# How to complete this task
Both the line with "blk.add_blockref('*U9', p, dxfattribs=at)" and the line with "1.672241020714864), (1.473153939063194, 2.014144718996249)])" in the records below must appear in the output, along with every line between them, exactly and with nothing added.

# Supplied material
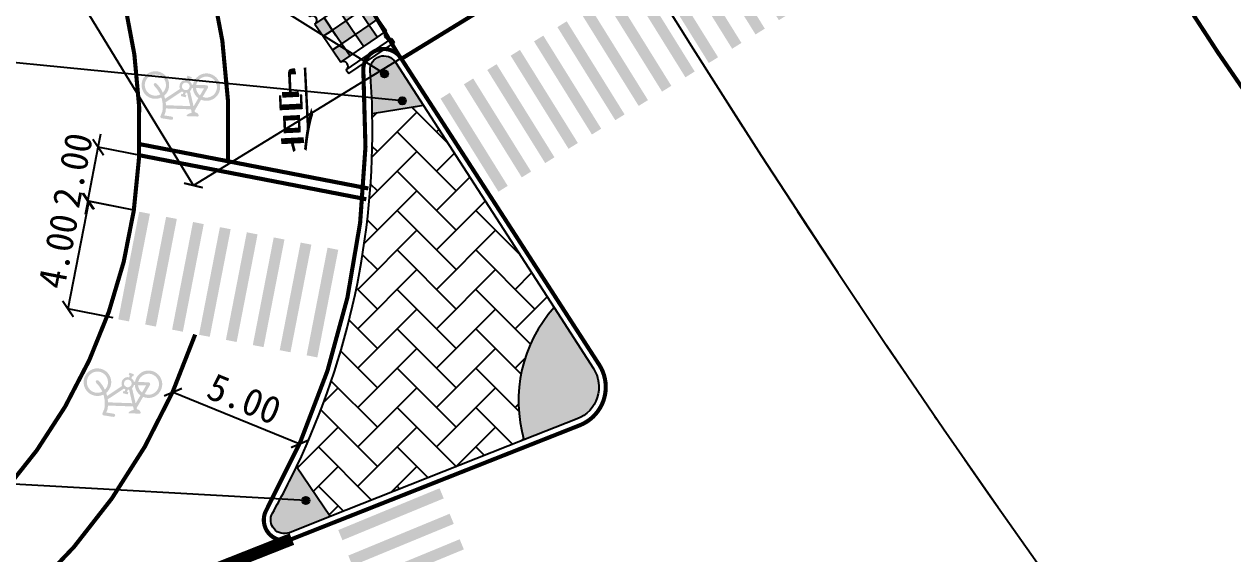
# Model space of a CAD drawing. Header units: millimetres. Extents: x 7233 to 195995, y 19522 to 226352.
# Drawn here: x 10223.88 to 10268, y 22416.57 to 22435.89 of the extents above; entities that cross this region are included whole.
import ezdxf

# ---------------------------------------------------------------- set-up
doc = ezdxf.new("R2010")
doc.units = ezdxf.units.MM
doc.linetypes.add('ACAD_ISO10W100', pattern=[18, 12, -3, 0, -3])
doc.linetypes.add('JTSS02', pattern=[2, 1, -1])
for name, color, linetype in [('@-交通信号', 7, 'Continuous'), ('@-交通标志', 7, 'Continuous'), ('@-设计标注', 7, 'Continuous'), ('@-道路边线', 7, 'Continuous'), ('@-隔离岛', 3, 'Continuous'), ('AXIS', 2, 'Continuous'), ('交通标志', 7, 'Continuous')]:
    doc.layers.add(name, color=color, linetype=linetype)
doc.layers.add('@-道路标线', color=255, linetype='Continuous', lineweight=0)
doc.styles.add('--黑体', font='simhei.ttf')
doc.styles.add('STYLE1', font='simhei.ttf', dxfattribs={"width": 0.8})
doc.dimstyles.new('标志标注', dxfattribs={"dimtxt": 1, "dimasz": 0.5, "dimexe": 0, "dimexo": 0, "dimgap": 0.25, "dimtad": 1, "dimzin": 0, "dimdsep": 46, "dimtxsty": '--黑体', "dimblk": 'ARCHTICK', "dimcen": 0.09, "dimadec": 0, "dimazin": 0, "dimtfac": 1, "dimtix": 1, "dimtmove": 2, "dimatfit": 0, "dimfxl": 1, "dimtolj": 1, "dimtzin": 0, "dimarcsym": 0})

# ---------------------------------------------------------------- blocks, each defined once
blk = doc.blocks.new('*U1')
at = {"layer": '@-道路边线'}
h = blk.add_hatch(color=256, dxfattribs=at)
h.dxf.hatch_style = 1
h.paths.add_polyline_path([(0.2568675211793481, 4.02241179425151), (0.3165121215944333, 0.02285650377536733), (0.7164676506428495, 0.02882096381890603), (0.6568230502277643, 4.028376254295049)])
blk = doc.blocks.new('*U2')
at = {"layer": '@-道路标线', "color": 0, "linetype": 'ByBlock', "lineweight": -2, "transparency": 16777216, "rotation": 291.5529921726176}
for p in [(10235.20624405183, 22417.71994715705, 3.54891667e-08), (10235.57360565362, 22416.78986895951, 3.54891667e-08), (10235.94096725541, 22415.85979076198, 3.54891667e-08)]:
    blk.add_blockref('*U1', p, dxfattribs=at)
blk = doc.blocks.new('*U5')
at = {"layer": '@-道路边线'}
h = blk.add_hatch(color=256, dxfattribs=at)
h.dxf.hatch_style = 1
h.paths.add_polyline_path([(0.8445444810342022, -3.999214780758898), (0.812307190006391, 0.0006553117594236824), (0.4123201807533343, -0.002568417348151747), (0.4445574717811456, -4.002438509866474)])
blk = doc.blocks.new('*U6')
at = {"layer": '@-道路标线', "color": 0, "linetype": 'ByBlock', "lineweight": -2, "transparency": 16777216}
for p, rotation in [((10259.20356424952, 22445.47597911962, 3.54891667e-08), 31.42887505628482), ((10258.35027613115, 22444.9545393944, 3.54891667e-08), 31.42887505628482), ((10257.49698801277, 22444.43309966918, 3.54891667e-08), 31.42887505628881), ((10256.64369989439, 22443.91165994396, 3.54891667e-08), 31.42887505628881), ((10255.79041177602, 22443.39022021874, 3.54891667e-08), 31.42887505628482), ((10254.93712365764, 22442.86878049352, 3.54891667e-08), 31.42887505628482), ((10254.08383553926, 22442.34734076831, 3.54891667e-08), 31.42887505628881), ((10253.23054742089, 22441.82590104308, 3.54891667e-08), 31.42887505628881), ((10252.37725930251, 22441.30446131786, 3.54891667e-08), 31.42887505628881), ((10251.52397118413, 22440.78302159264, 3.54891667e-08), 31.42887505628482), ((10250.67068306575, 22440.26158186743, 3.54891667e-08), 31.42887505628881), ((10249.81739494738, 22439.74014214221, 3.54891667e-08), 31.42887505628881), ((10248.964106829, 22439.21870241699, 3.54891667e-08), 31.42887505628881), ((10248.11081871063, 22438.69726269177, 3.54891667e-08), 31.42887505628482), ((10247.25753059225, 22438.17582296655, 3.54891667e-08), 31.42887505628881), ((10246.40424247387, 22437.65438324133, 3.54891667e-08), 31.42887505628881), ((10245.55095435549, 22437.13294351611, 3.54891667e-08), 31.42887505628881), ((10244.69766623712, 22436.61150379089, 3.54891667e-08), 31.42887505628881), ((10243.84437811874, 22436.09006406567, 3.54891667e-08), 31.42887505628881), ((10242.99109000036, 22435.56862434045, 3.54891667e-08), 31.42887505628881), ((10242.13780188199, 22435.04718461523, 3.54891667e-08), 31.42887505628881), ((10241.28451376361, 22434.52574489001, 3.54891667e-08), 31.42887505628881), ((10240.43122564523, 22434.0043051648, 3.54891667e-08), 31.42887505628881), ((10239.57793752686, 22433.48286543958, 3.54891667e-08), 31.42887505628881), ((10238.72464940848, 22432.96142571435, 3.54891667e-08), 31.42887505628881)]:
    blk.add_blockref('*U5', p, dxfattribs=dict(at, rotation=rotation))
blk = doc.blocks.new('*U9')
at = {"layer": '@-道路边线'}
h = blk.add_hatch(color=256, dxfattribs=at)
h.dxf.hatch_style = 1
h.paths.add_polyline_path([(0.5973949730355537, -2.118783764561123), (0.6110737498869074, 1.881192846750644), (0.2110760887541745, 1.882560724432808), (0.1973973119028208, -2.117415886878959)])
blk = doc.blocks.new('*U10')
at = {"layer": '@-道路标线', "color": 0, "linetype": 'ByBlock', "lineweight": -2, "transparency": 16777216, "rotation": 349.191775530925}
for p in [(10227.51605642842, 22427.23768997052, 3.54891667e-08), (10228.49831677155, 22427.05016765636, 3.54891667e-08), (10229.48057711469, 22426.8626453422, 3.54891667e-08), (10230.46283745782, 22426.67512302804, 3.54891667e-08), (10231.44509780095, 22426.48760071388, 3.54891667e-08), (10232.42735814409, 22426.30007839972, 3.54891667e-08), (10233.40961848722, 22426.11255608556, 3.54891667e-08), (10234.39187883035, 22425.9250337714, 3.54891667e-08)]:
    blk.add_blockref('*U9', p, dxfattribs=at)
blk = doc.blocks.new('A$C348E0356')
at = {"layer": '交通标志', "lineweight": 15}
h = blk.add_hatch(color=1, dxfattribs=at)
h.paths.add_polyline_path([(3.003229652764275, 1.581825583154568), (2.699315253586973, 2.053429645515278), (2.345612207427619, 1.825493846656171), (2.649526606546714, 1.35388978429546)])
h.paths.add_polyline_path([(1.699794109328649, 2.827652479812969), (2.00370850827312, 2.356048417277634), (2.357411554490681, 2.58398421613674), (2.053497155546209, 3.055588278657522)])
h.paths.add_polyline_path([(2.00370850827312, 2.356048417277634), (1.473153939063194, 2.014144718996249), (1.815057638159487, 1.483590148374786), (2.345612207427619, 1.825493846656171), (2.212649657740256, 2.031820624353712)])
h.paths.add_polyline_path([(2.11897203727858, 1.011986086014075), (1.815057638159487, 1.483590148374786), (1.284503068891353, 1.141686450093402), (1.588417468068655, 0.6700823877326914)])
h.paths.add_polyline_path([(1.169239540060515, 2.485748781531583), (0.6386849708505907, 2.143845083250199), (0.9425993697950616, 1.672241020714864), (1.473153939063194, 2.014144718996249)])
h.paths.add_polyline_path([(0.9425993697950616, 1.672241020714864), (0.5888963236357087, 1.444305221855755), (0.9308000227320008, 0.9137506512342952), (1.284503068891353, 1.141686450093402), (1.151540519262198, 1.348013227790942)])
at = {"layer": '交通标志', "lineweight": 25}
for p, q in [((1.768577406415715, 3.497717086982446), (6.21755607426e-05, 2.358038092701462)), ((1.863550656125879, 3.350340817545656), (0.0950354252709076, 2.210661823264671)), ((1.863550656125879, 3.350340817545656), (1.768577406415715, 3.497717086982446)), ((1.699794109328649, 2.827652479812969), (1.169239540060515, 2.485748781531583)), ((2.053497155546209, 3.055588278657522), (1.699794109328649, 2.827652479812969)), ((2.00370850827312, 2.356048417277634), (1.699794109328649, 2.827652479812969)), ((2.357411554490681, 2.58398421613674), (2.053497155546209, 3.055588278657522)), ((0.0950354252709076, 2.210661823264671), (6.21755607426e-05, 2.358038092701462)), ((1.169239540060515, 2.485748781531583), (0.6386849708505907, 2.143845083250199)), ((1.473153939063194, 2.014144718996249), (1.169239540060515, 2.485748781531583)), ((2.00370850827312, 2.356048417277634), (1.473153939063194, 2.014144718996249)), ((2.357411554490681, 2.58398421613674), (2.00370850827312, 2.356048417277634)), ((2.345612207427619, 1.825493846656171), (2.00370850827312, 2.356048417277634)), ((2.699315253586973, 2.053429645515278), (2.357411554490681, 2.58398421613674)), ((0.6386849708505907, 2.143845083250199), (0.2849819246330298, 1.91590928439109)), ((0.5888963236357087, 1.444305221855755), (0.2849819246330298, 1.91590928439109)), ((0.9425993697950616, 1.672241020714864), (0.6386849708505907, 2.143845083250199)), ((1.473153939063194, 2.014144718996249), (0.9425993697950616, 1.672241020714864)), ((1.815057638159487, 1.483590148374786), (1.473153939063194, 2.014144718996249)), ((2.649526606546714, 1.35388978429546), (2.212649657740256, 2.031820624353712)), ((2.699315253586973, 2.053429645515278), (2.345612207427619, 1.825493846656171)), ((3.003229652764275, 1.581825583154568), (2.566352703957818, 2.259756423212819)), ((0.9425993697950616, 1.672241020714864), (0.5888963236357087, 1.444305221855755)), ((0.9308000227320008, 0.9137506512342952), (0.5888963236357087, 1.444305221855755)), ((1.284503068891353, 1.141686450093402), (0.9425993697950616, 1.672241020714864)), ((1.815057638159487, 1.483590148374786), (1.284503068891353, 1.141686450093402)), ((2.11897203727858, 1.011986086014075), (1.68209508853033, 1.689916926072328)), ((2.345612207427619, 1.825493846656171), (1.815057638159487, 1.483590148374786)), ((3.003229652764275, 1.581825583154568), (2.649526606546714, 1.35388978429546)), ((1.234714421851094, 0.442146588873584), (0.7978374730446376, 1.120077428931835)), ((1.284503068891353, 1.141686450093402), (0.9308000227320008, 0.9137506512342952)), ((1.588417468068655, 0.6700823877326914), (1.151540519262198, 1.348013227790942)), ((3.193176151951773, 1.287073044106364), (1.424660921038593, 0.1473940498253796)), ((3.288149401603732, 1.139696774669572), (1.519634170748758, 1.7780388589e-05)), ((2.11897203727858, 1.011986086014075), (1.588417468068655, 0.6700823877326914)), ((2.649526606546714, 1.35388978429546), (2.11897203727858, 1.011986086014075)), ((3.288149401603732, 1.139696774669572), (3.193176151951773, 1.287073044106364)), ((1.588417468068655, 0.6700823877326914), (1.234714421851094, 0.442146588873584)), ((1.519634170748758, 1.7780388589e-05), (1.424660921038593, 0.1473940498253796))]:
    blk.add_line(p, q, dxfattribs=at)
for centre, major_axis, ratio, start_param, end_param in [((1.958523905836044, 3.202964548094313), (0.0132628393479032, 0.1748249984116091), 0.9999999976595978, 0.648165981041317, 3.789758634631108), ((0.1900086749810725, 2.06328555382788), (-0.1748249984686601, 0.0132628393522313), 0.999999997006934, 2.218962305269292, 5.360554958859085), ((3.098202902416232, 1.434449313717776), (-0.1748249984686601, 0.0132628393522313), 0.999999997006934, -0.9226303483204992, 2.218962305269292), ((1.329687671561259, 0.2947703194367932), (0.0132628393608787, 0.1748249985826468), 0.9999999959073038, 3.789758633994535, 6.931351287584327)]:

# Solution below
    blk.add_blockref('*U9', p, dxfattribs=at)
blk = doc.blocks.new('A$C348E0356')
at = {"layer": '交通标志', "lineweight": 15}
h = blk.add_hatch(color=1, dxfattribs=at)
h.paths.add_polyline_path([(3.003229652764275, 1.581825583154568), (2.699315253586973, 2.053429645515278), (2.345612207427619, 1.825493846656171), (2.649526606546714, 1.35388978429546)])
h.paths.add_polyline_path([(1.699794109328649, 2.827652479812969), (2.00370850827312, 2.356048417277634), (2.357411554490681, 2.58398421613674), (2.053497155546209, 3.055588278657522)])
h.paths.add_polyline_path([(2.00370850827312, 2.356048417277634), (1.473153939063194, 2.014144718996249), (1.815057638159487, 1.483590148374786), (2.345612207427619, 1.825493846656171), (2.212649657740256, 2.031820624353712)])
h.paths.add_polyline_path([(2.11897203727858, 1.011986086014075), (1.815057638159487, 1.483590148374786), (1.284503068891353, 1.141686450093402), (1.588417468068655, 0.6700823877326914)])
h.paths.add_polyline_path([(1.169239540060515, 2.485748781531583), (0.6386849708505907, 2.143845083250199), (0.9425993697950616, 1.672241020714864), (1.473153939063194, 2.014144718996249)])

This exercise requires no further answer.